━━ RECORDS FOR THE EXERCISE

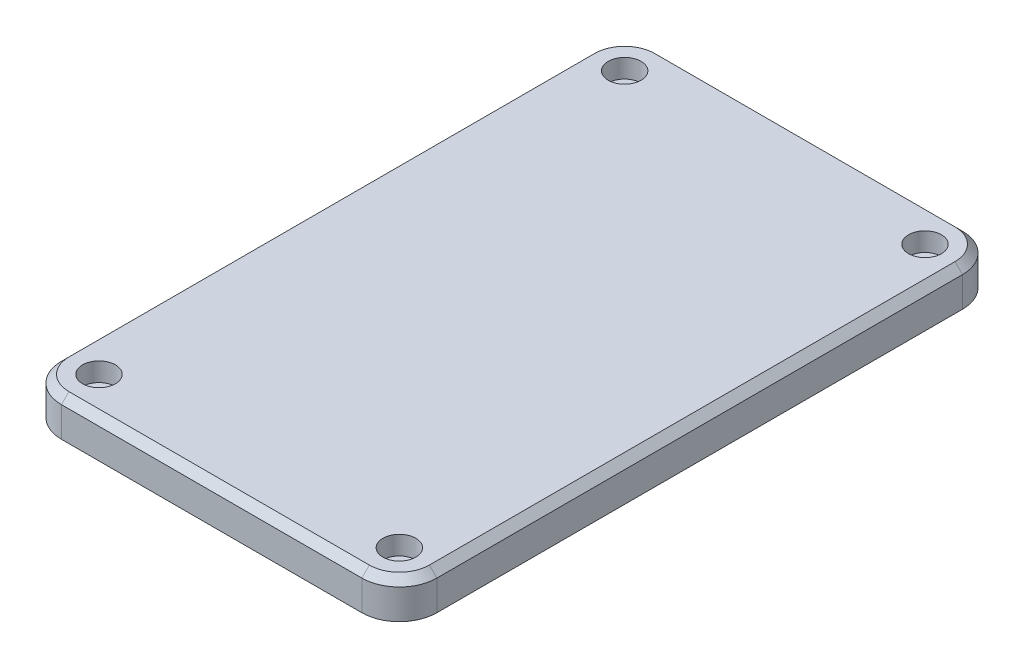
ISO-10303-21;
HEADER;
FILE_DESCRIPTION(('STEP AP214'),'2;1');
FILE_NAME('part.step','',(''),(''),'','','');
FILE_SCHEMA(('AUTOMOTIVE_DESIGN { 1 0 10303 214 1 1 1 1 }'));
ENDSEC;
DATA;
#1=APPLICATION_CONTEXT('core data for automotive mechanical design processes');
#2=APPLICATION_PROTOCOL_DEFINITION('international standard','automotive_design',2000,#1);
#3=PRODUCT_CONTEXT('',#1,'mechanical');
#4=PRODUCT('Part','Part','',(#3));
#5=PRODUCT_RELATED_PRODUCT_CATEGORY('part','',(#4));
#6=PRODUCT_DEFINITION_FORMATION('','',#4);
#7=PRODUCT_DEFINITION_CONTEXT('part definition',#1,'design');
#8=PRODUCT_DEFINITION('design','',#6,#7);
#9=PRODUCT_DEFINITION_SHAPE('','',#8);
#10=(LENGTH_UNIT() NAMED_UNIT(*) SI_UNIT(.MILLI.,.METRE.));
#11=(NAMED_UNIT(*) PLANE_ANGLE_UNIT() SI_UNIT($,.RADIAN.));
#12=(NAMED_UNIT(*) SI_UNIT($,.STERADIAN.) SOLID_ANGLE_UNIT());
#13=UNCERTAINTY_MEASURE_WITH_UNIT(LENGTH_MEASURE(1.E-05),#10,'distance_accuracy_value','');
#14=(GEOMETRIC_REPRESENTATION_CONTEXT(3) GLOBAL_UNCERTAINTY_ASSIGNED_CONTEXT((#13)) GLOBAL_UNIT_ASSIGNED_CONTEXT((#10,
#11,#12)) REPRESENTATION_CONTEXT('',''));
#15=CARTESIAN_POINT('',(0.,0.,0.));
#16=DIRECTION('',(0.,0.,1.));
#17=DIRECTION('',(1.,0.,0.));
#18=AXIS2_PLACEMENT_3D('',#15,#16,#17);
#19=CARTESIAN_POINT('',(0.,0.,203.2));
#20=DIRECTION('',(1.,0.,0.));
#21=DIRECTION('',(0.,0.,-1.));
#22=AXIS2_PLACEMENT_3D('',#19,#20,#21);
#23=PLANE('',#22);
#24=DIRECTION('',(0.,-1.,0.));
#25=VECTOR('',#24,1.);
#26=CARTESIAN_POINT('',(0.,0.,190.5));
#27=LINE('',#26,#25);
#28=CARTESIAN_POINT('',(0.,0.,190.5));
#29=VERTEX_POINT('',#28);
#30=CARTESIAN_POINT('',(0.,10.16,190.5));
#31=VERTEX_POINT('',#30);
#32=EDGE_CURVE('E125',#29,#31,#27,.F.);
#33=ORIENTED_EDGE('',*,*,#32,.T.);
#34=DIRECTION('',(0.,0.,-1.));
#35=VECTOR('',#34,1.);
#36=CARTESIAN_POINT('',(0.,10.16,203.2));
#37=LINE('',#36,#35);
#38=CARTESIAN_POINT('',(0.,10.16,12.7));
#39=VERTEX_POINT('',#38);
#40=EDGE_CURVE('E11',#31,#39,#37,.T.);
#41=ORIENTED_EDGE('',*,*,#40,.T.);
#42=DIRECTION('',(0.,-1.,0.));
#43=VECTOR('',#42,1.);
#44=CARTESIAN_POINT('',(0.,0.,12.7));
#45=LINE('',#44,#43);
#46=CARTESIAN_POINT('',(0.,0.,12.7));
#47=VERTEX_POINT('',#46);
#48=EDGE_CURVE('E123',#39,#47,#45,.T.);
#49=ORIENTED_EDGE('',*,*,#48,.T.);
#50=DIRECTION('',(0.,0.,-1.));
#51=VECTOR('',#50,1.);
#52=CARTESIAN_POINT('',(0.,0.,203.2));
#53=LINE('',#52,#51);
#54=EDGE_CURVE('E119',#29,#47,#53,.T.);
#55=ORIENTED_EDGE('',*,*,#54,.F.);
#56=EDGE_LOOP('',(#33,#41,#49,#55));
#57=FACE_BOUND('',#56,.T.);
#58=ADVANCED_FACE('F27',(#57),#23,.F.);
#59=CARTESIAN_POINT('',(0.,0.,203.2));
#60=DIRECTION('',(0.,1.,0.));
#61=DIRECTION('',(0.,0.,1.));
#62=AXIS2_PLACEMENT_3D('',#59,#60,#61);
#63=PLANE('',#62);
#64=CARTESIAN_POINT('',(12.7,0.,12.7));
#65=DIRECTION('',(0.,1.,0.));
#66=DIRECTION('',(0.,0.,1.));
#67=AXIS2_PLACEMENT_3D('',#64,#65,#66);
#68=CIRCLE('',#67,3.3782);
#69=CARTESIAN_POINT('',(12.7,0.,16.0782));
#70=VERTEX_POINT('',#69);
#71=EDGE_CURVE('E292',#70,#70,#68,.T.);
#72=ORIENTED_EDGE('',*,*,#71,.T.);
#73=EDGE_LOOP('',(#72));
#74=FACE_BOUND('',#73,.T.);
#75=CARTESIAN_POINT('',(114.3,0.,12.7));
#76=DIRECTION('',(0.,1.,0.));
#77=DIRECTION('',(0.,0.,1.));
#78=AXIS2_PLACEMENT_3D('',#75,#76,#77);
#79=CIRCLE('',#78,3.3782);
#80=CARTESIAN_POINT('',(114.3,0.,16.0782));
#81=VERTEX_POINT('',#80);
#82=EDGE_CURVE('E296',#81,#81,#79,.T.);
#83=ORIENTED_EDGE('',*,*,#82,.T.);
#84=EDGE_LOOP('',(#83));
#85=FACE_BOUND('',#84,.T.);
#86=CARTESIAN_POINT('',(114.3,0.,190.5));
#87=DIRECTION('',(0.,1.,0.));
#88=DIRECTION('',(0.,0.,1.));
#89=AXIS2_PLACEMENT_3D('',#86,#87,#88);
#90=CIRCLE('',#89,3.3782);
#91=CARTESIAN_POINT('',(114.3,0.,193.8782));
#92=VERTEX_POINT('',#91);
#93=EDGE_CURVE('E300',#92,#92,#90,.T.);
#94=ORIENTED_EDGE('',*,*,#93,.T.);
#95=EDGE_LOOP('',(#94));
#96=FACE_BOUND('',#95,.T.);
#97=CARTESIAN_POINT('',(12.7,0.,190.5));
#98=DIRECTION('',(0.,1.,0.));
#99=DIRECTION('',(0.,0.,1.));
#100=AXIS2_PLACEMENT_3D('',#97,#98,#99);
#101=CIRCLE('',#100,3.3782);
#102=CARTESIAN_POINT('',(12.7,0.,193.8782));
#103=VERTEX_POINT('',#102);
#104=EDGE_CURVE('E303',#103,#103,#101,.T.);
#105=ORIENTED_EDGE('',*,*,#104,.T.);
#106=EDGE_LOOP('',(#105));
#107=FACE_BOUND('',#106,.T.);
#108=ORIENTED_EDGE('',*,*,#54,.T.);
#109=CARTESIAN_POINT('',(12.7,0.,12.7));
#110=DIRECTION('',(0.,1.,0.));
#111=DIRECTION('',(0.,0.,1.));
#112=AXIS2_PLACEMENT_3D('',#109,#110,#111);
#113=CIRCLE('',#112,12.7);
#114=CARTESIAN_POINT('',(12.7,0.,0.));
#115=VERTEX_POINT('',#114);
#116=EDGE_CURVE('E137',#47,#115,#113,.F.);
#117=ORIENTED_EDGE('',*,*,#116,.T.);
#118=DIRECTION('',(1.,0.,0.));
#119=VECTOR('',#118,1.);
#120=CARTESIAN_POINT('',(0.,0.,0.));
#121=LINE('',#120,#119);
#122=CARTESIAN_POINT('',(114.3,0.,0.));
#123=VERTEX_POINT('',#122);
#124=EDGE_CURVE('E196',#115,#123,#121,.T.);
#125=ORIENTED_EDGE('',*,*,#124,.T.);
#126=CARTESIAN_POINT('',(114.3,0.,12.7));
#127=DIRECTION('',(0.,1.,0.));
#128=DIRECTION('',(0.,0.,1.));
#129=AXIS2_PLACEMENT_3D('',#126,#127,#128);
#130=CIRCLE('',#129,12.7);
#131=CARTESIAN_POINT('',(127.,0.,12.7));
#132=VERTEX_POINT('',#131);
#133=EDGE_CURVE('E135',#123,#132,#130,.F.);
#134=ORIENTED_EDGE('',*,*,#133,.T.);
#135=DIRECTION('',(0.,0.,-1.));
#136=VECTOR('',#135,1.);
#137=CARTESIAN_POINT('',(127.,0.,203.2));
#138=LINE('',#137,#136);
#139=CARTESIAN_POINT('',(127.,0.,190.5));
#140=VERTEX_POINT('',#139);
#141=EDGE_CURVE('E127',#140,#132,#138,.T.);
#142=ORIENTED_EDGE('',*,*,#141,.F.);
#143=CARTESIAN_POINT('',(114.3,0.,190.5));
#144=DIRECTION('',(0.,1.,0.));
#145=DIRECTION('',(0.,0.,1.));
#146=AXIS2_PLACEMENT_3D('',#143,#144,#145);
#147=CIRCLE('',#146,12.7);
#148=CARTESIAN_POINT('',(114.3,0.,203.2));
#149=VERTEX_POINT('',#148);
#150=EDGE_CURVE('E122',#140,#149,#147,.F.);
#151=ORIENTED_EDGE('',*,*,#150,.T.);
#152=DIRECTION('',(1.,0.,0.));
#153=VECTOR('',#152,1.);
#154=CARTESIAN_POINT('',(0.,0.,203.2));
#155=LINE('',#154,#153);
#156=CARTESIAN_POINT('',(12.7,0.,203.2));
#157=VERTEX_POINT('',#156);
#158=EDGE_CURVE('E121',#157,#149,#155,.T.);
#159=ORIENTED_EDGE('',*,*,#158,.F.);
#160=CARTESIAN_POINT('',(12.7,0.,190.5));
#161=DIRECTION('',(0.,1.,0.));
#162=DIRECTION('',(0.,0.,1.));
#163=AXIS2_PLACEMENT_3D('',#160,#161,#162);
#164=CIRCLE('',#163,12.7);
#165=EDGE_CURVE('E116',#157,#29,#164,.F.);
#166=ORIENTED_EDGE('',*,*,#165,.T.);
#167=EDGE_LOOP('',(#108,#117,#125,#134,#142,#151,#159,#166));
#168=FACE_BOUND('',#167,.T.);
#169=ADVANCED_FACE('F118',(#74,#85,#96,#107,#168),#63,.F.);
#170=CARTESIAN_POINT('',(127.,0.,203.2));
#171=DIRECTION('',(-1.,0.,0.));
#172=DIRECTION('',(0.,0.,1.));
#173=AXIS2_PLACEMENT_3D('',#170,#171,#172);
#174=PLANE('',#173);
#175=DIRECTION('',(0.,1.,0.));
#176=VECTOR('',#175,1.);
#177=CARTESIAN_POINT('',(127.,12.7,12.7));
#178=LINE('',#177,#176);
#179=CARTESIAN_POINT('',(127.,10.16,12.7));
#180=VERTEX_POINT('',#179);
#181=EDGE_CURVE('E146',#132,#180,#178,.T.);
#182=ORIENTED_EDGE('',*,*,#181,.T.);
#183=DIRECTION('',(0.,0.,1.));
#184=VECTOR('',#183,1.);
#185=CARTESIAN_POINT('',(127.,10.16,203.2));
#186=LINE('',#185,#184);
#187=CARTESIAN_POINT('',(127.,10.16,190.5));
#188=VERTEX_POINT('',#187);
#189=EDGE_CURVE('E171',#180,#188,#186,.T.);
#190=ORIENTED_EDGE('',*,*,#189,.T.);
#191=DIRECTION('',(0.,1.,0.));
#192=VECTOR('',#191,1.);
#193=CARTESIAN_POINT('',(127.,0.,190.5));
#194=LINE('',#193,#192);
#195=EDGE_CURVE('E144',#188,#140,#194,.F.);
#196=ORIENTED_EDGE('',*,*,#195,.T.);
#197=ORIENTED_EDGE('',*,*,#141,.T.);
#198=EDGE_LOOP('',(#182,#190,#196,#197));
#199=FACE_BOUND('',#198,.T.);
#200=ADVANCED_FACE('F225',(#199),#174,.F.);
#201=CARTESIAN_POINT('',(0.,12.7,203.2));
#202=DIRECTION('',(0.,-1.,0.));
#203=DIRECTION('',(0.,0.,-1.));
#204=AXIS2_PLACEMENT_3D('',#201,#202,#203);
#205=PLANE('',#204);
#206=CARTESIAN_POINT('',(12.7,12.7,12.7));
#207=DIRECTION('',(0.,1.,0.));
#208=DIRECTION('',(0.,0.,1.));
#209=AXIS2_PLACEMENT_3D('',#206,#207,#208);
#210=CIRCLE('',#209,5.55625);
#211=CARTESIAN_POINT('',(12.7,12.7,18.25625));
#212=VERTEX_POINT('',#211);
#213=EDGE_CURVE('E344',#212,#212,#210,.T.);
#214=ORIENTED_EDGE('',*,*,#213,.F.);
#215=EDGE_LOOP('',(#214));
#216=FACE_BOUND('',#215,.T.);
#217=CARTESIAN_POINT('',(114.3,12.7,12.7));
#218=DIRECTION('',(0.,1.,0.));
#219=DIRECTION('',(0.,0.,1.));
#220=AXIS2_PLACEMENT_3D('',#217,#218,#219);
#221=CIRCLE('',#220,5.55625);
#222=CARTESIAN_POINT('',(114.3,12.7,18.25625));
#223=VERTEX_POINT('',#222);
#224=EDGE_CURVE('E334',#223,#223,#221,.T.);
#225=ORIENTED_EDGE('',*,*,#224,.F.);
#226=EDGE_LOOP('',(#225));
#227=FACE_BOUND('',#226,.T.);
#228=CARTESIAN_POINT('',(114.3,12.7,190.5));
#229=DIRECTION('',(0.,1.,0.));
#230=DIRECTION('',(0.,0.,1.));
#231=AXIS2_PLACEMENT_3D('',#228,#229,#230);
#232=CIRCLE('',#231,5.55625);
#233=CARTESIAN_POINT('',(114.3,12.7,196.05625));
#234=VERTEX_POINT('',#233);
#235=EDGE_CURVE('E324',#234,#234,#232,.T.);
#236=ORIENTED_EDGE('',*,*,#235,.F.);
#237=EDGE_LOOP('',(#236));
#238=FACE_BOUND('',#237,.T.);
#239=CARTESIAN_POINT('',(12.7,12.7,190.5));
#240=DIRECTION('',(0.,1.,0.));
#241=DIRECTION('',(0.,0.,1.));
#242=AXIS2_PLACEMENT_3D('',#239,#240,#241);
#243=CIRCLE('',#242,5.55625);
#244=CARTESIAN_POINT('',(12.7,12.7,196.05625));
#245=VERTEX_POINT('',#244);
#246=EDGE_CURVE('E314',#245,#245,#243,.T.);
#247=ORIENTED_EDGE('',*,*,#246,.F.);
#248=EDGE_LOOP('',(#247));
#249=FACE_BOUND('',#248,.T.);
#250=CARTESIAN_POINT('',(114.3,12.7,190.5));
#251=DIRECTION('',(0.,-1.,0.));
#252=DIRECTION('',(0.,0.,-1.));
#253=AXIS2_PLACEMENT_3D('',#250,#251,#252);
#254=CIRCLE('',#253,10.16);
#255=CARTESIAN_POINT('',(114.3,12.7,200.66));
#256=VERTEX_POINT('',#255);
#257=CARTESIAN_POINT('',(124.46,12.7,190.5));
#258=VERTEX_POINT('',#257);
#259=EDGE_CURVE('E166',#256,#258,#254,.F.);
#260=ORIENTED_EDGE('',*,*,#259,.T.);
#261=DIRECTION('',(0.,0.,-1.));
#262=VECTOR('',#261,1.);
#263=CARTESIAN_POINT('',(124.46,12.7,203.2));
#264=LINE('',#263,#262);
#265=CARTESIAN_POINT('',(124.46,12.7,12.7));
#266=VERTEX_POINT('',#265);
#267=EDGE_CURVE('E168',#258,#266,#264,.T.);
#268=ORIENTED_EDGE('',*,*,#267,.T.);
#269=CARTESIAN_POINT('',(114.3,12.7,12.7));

━━━━

**WHAT THE EXERCISE ASKS**
Would you retype the lines above from the one with "#199=FACE_BOUND('',#198,.T.);" down to the one with "#255=CARTESIAN_POINT('',(114.3,12.7,200.66));", word for word, both ends included and no other lines?

**ANSWER AREA**
#199=FACE_BOUND('',#198,.T.);
#200=ADVANCED_FACE('F225',(#199),#174,.F.);
#201=CARTESIAN_POINT('',(0.,12.7,203.2));
#202=DIRECTION('',(0.,-1.,0.));
#203=DIRECTION('',(0.,0.,-1.));
#204=AXIS2_PLACEMENT_3D('',#201,#202,#203);
#205=PLANE('',#204);
#206=CARTESIAN_POINT('',(12.7,12.7,12.7));
#207=DIRECTION('',(0.,1.,0.));
#208=DIRECTION('',(0.,0.,1.));
#209=AXIS2_PLACEMENT_3D('',#206,#207,#208);
#210=CIRCLE('',#209,5.55625);
#211=CARTESIAN_POINT('',(12.7,12.7,18.25625));
#212=VERTEX_POINT('',#211);
#213=EDGE_CURVE('E344',#212,#212,#210,.T.);
#214=ORIENTED_EDGE('',*,*,#213,.F.);
#215=EDGE_LOOP('',(#214));
#216=FACE_BOUND('',#215,.T.);
#217=CARTESIAN_POINT('',(114.3,12.7,12.7));
#218=DIRECTION('',(0.,1.,0.));
#219=DIRECTION('',(0.,0.,1.));
#220=AXIS2_PLACEMENT_3D('',#217,#218,#219);
#221=CIRCLE('',#220,5.55625);
#222=CARTESIAN_POINT('',(114.3,12.7,18.25625));
#223=VERTEX_POINT('',#222);
#224=EDGE_CURVE('E334',#223,#223,#221,.T.);
#225=ORIENTED_EDGE('',*,*,#224,.F.);
#226=EDGE_LOOP('',(#225));
#227=FACE_BOUND('',#226,.T.);
#228=CARTESIAN_POINT('',(114.3,12.7,190.5));
#229=DIRECTION('',(0.,1.,0.));
#230=DIRECTION('',(0.,0.,1.));
#231=AXIS2_PLACEMENT_3D('',#228,#229,#230);
#232=CIRCLE('',#231,5.55625);
#233=CARTESIAN_POINT('',(114.3,12.7,196.05625));
#234=VERTEX_POINT('',#233);
#235=EDGE_CURVE('E324',#234,#234,#232,.T.);
#236=ORIENTED_EDGE('',*,*,#235,.F.);
#237=EDGE_LOOP('',(#236));
#238=FACE_BOUND('',#237,.T.);
#239=CARTESIAN_POINT('',(12.7,12.7,190.5));
#240=DIRECTION('',(0.,1.,0.));
#241=DIRECTION('',(0.,0.,1.));
#242=AXIS2_PLACEMENT_3D('',#239,#240,#241);
#243=CIRCLE('',#242,5.55625);
#244=CARTESIAN_POINT('',(12.7,12.7,196.05625));
#245=VERTEX_POINT('',#244);
#246=EDGE_CURVE('E314',#245,#245,#243,.T.);
#247=ORIENTED_EDGE('',*,*,#246,.F.);
#248=EDGE_LOOP('',(#247));
#249=FACE_BOUND('',#248,.T.);
#250=CARTESIAN_POINT('',(114.3,12.7,190.5));
#251=DIRECTION('',(0.,-1.,0.));
#252=DIRECTION('',(0.,0.,-1.));
#253=AXIS2_PLACEMENT_3D('',#250,#251,#252);
#254=CIRCLE('',#253,10.16);
#255=CARTESIAN_POINT('',(114.3,12.7,200.66));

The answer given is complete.